On October 26, 2022, a representative of Hughes Hubbard received an indicative draft term sheet from Financing Party A proposing a private placement financing (“PIPE”) to directly invest up to $15.0 million in Cyclerion common stock at a price of $0.45 per share (without giving effect to the Reverse Split), which would result in its having a controlling interest, subject to customary PIPE terms, due diligence and numerous other conditions and qualifications.
On October 27, 2022, the Independent Board met, with management and representatives of Hughes Hubbard and Stifel attending, to, among other things, discuss the proposed PIPE financing with Financing Party A. At the meeting, Stifel also discussed the status of ongoing strategic transaction efforts.
On November 2, 2022, the Independent Board met with management and representatives of Hughes Hubbard, Foley Hoag and Stifel attending, to, among other things, discuss the status of ongoing strategic alternative efforts. A representative of Hughes Hubbard updated the meeting on his negotiations directly with counsel to Financing Party A regarding the proposed PIPE financing. In particular, he described those negotiations and discussed the revised term sheet received the prior day from Financing Party A in which it increased its per share price to $0.50 per share (without giving effect to the Reverse Split) and shortened its due diligence period. It was noted that negotiations were expected to continue.
On November 8, 2022, the Independent Board met with management and representatives of Hughes Hubbard, Foley Hoag and Stifel attending, to, among other things, discuss the status of ongoing strategic alternative efforts. In that context, the meeting also discussed the cash position of Cyclerion, which was approximately $20.4 million as of September 30, 2022. The meeting was updated on the status of all potential counterparties, including Financing Party A, the Licensing Party and JWCA.
On the evening of November 13, 2022, Marsha Fanucci, Chair of the Board, spoke to a senior executive at Financing Party A who informed her that Financing Party A was withdrawing its interest in any financing of Cyclerion. Financing Party A did not provide reasons for its withdrawal.
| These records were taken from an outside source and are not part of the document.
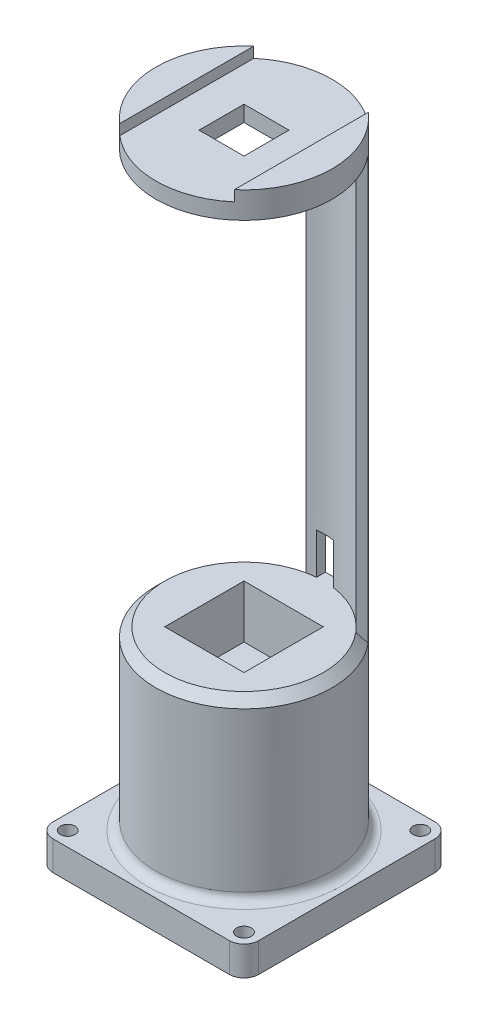
from build123d import *

# Parameters (mm, degrees)
SKETCH1_W                = 350
SKETCH1_H                = 350
BOSS_EXTRUDE1_DEPTH      = 50
FILLET1_R                = 25
SKETCH2_R                = 12.5
CUT_EXTRUDE1_DEPTH       = 50
SKETCH3_R                = 150
BOSS_EXTRUDE2_DEPTH      = 300
FILLET2_R                = 15
CHAMFER1_SIZE            = 15
SKETCH5_W                = 135
SKETCH5_H                = 135
CUT_EXTRUDE3_DEPTH       = 90
SCALE1_SCALE             = 0.333333333
EXTRUDE_THIN1_DEPTH      = 250
EXTRUDE_THIN1_DEPTH_BACK = 5
BOSS_EXTRUDE3_START      = -15
SKETCH7_R                = 50
BOSS_EXTRUDE3_DEPTH      = 15
SKETCH8_W                = 25.5
SKETCH8_H                = 25.5
CUT_EXTRUDE4_DEPTH       = 9.5
SKETCH9_W                = 65
SKETCH9_H                = 100
CUT_EXTRUDE5_DEPTH       = 6
SKETCH10_W               = 10
SKETCH10_H               = 23.333333333
CUT_EXTRUDE6_DEPTH       = 378.683913993
SKETCH12_R               = 37.5
CUT_EXTRUDE7_DEPTH       = 75


with BuildPart() as part:
    # Sketch1 → Boss-Extrude1 (new body)
    with BuildSketch(Plane(origin=(0, 0, 0), x_dir=(1, 0, 0), z_dir=(0, 1, 0))):
        with Locations((175, 175)):
            Rectangle(SKETCH1_W, SKETCH1_H)
    extrude(amount=-BOSS_EXTRUDE1_DEPTH)

    # Fillet1
    fillet1_edges = [part.edges().sort_by_distance(p)[0] for p in [
        (0, -25, -350),
        (350, -25, -350),
        (350, -25, 0),
        (0, -25, 0),
    ]]
    fillet(fillet1_edges, radius=FILLET1_R)

    # Sketch2 → Cut-Extrude1 (cut)
    with BuildSketch(Plane(origin=(0, 0, 0), x_dir=(1, 0, 0), z_dir=(0, 1, 0))):
        with Locations(Location((25, 25, 0), (0, 0, 270))):
            Circle(SKETCH2_R)
        with Locations(Location((325, 25, 0), (0, 0, 270))):
            Circle(SKETCH2_R)
        with Locations(Location((325, 325, 0), (0, 0, 270))):
            Circle(SKETCH2_R)
        with Locations(Location((25, 325, 0), (0, 0, 270))):
            Circle(SKETCH2_R)
    extrude(amount=-CUT_EXTRUDE1_DEPTH, mode=Mode.SUBTRACT)

    # Sketch3 → Boss-Extrude2 (add)
    with BuildSketch(Plane(origin=(0, 0, 0), x_dir=(1, 0, 0), z_dir=(0, 1, 0))):
        with Locations(Location((175, 175, 0), (0, 0, 90))):
            Circle(SKETCH3_R)
    extrude(amount=BOSS_EXTRUDE2_DEPTH)

    # Fillet2
    fillet2_edges = [part.edges().sort_by_distance(p)[0] for p in [
        (175, 0, -25),
    ]]
    fillet(fillet2_edges, radius=FILLET2_R)

    # Chamfer1
    chamfer1_edges = [part.edges().sort_by_distance(p)[0] for p in [
        (175, 300, -25),
    ]]
    chamfer(chamfer1_edges, length=CHAMFER1_SIZE)

    # Sketch5 → Cut-Extrude3 (cut)
    with BuildSketch(Plane.XZ.offset(-300)):
        with Locations((175, -175)):
            Rectangle(SKETCH5_W, SKETCH5_H)
    extrude(amount=CUT_EXTRUDE3_DEPTH, mode=Mode.SUBTRACT)


with BuildPart() as part_1:
    # Scale1: scaled about (0, 0, 0)
    add(part.part.scale(SCALE1_SCALE))

    # Sketch6 → Extrude-Thin1 (add, two sides: drawn at the far end of the back side and taken through both)
    with BuildSketch(Plane(origin=(0, 100, 0), x_dir=(1, 0, 0), z_dir=(0, 1, 0)).offset(-EXTRUDE_THIN1_DEPTH_BACK)):
        with BuildLine():
            ThreePointArc((48.391261826, 107.334917126), (74.830545561, 105.5333544), (96.635555489, 90.472713818))
            Line((96.635555489, 90.472713818), (92.805333274, 87.258775769))
            ThreePointArc((92.805333274, 87.258775769), (73.180824339, 100.813352293), (49.385468977, 102.434758746))
            Line((49.385468977, 102.434758746), (48.391261826, 107.334917126))
        make_face()
    extrude(amount=EXTRUDE_THIN1_DEPTH + EXTRUDE_THIN1_DEPTH_BACK)

    # Sketch7 → Boss-Extrude3 (add)
    with BuildSketch(Plane(origin=(0, 350, 0), x_dir=(1, 0, 0), z_dir=(0, 1, 0)).offset(BOSS_EXTRUDE3_START)):
        with Locations(Location((58.333333333, 58.333333333, 0), (0, 0, 90))):
            Circle(SKETCH7_R)
    extrude(amount=BOSS_EXTRUDE3_DEPTH)

    # Sketch8 → Cut-Extrude4 (cut)
    with BuildSketch(Plane.XZ.offset(-335)):
        with Locations((58.333333333, -58.333333333)):
            Rectangle(SKETCH8_W, SKETCH8_H)
    extrude(amount=-CUT_EXTRUDE4_DEPTH, mode=Mode.SUBTRACT)

    # Sketch9 → Cut-Extrude5 (cut)
    with BuildSketch(Plane(origin=(0, 350, 0), x_dir=(1, 0, 0), z_dir=(0, 1, 0))):
        with Locations((58.333333333, 58.333333333)):
            Rectangle(SKETCH9_W, SKETCH9_H)
    extrude(amount=-CUT_EXTRUDE5_DEPTH, mode=Mode.SUBTRACT)

    # Sketch10 → Cut-Extrude6 (cut, through all)
    with BuildSketch(Plane.XY.offset(-80.833333333)):
        with Locations((59.575622215, 111.666666667)):
            Rectangle(SKETCH10_W, SKETCH10_H)
    extrude(amount=-CUT_EXTRUDE6_DEPTH, mode=Mode.SUBTRACT)

    # Sketch12 → Cut-Extrude7 (cut)
    with BuildSketch(Plane(origin=(0, -16.666666667, 0), x_dir=(1, 0, 0), z_dir=(0, 1, 0))):
        with Locations(Location((58.333333333, 58.333333333, 0), (0, 0, 270))):
            Circle(SKETCH12_R)
    extrude(amount=CUT_EXTRUDE7_DEPTH, mode=Mode.SUBTRACT)


solid = part_1.part

On November 14, 2022, the Independent Board met with management and representatives of Hughes Hubbard and Stifel attending, to, among other things, discuss the status of ongoing strategic transaction efforts. The meeting was updated on the status of all remaining potential counterparties, including the Licensing Party and JWCA. Representatives of Stifel explained that after engaging with certain shareholders of the Company, JWCA had not contacted Stifel with respect to the Third JWCA Buyout Proposal again. The meeting also discussed the withdrawal of Financing Party A. Given the limited cash available to the company and the slow pace of negotiations, the Independent Board considered alternative options, including alternative transaction types that may be more likely to succeed. Based on this discussion, the Independent Board instructed Stifel to propose to JWCA an alternative transaction structure, instead of a buyout of Cyclerion as previously proposed, to buy all of Cyclerion’s CNS assets, including without limitation all applicable intellectual property, employees, equipment, and machinery, in exchange for an upfront cash payment to Cyclerion and an equity position in the NewCo.
On November 16, 2022, on behalf of Cyclerion, Stifel, at the instruction of the Independent Board, submitted two potential draft option term sheets to Dr. Hecht.
On November 17, 2022, the Independent Board met, with management and representatives of Hughes Hubbard, Foley Hoag and Stifel attending, to discuss the proposed option term sheets. Stifel discussed the financial terms of such term sheets. JWCA did not accept the option proposal and subsequently proposed an asset purchase structure, no longer indicating an interest in acquiring all of Cyclerion. Management explained to the Independent Board that the Company was at risk to be illiquid by March 2023, unless it significantly further reduced its workforce to focus on out-licensing of its existing molecules only.
On November 20, 2022, Stifel received from JWCA a proposed term sheet for an asset purchase agreement (the “Initial JWCA Asset Purchase Term Sheet”) pursuant to which, instead of granting an option to Cyclerion to sell its assets (including zagociguat and CY3018), JWCA would, among other things, purchase such assets for $5.0 million in cash, plus royalties of 3% of global net product sales of zagociguat and 1% of global net product sales of CY3018.
On November 21, 2022, Dr. Hecht filed an amendment to his Schedule 13D, initially filed on May 14, 2021, with respect to his beneficial ownership of shares of Cyclerion in which he disclosed the existence of his relationship to and certain terms of the Initial JWCA Asset Purchase Term Sheet.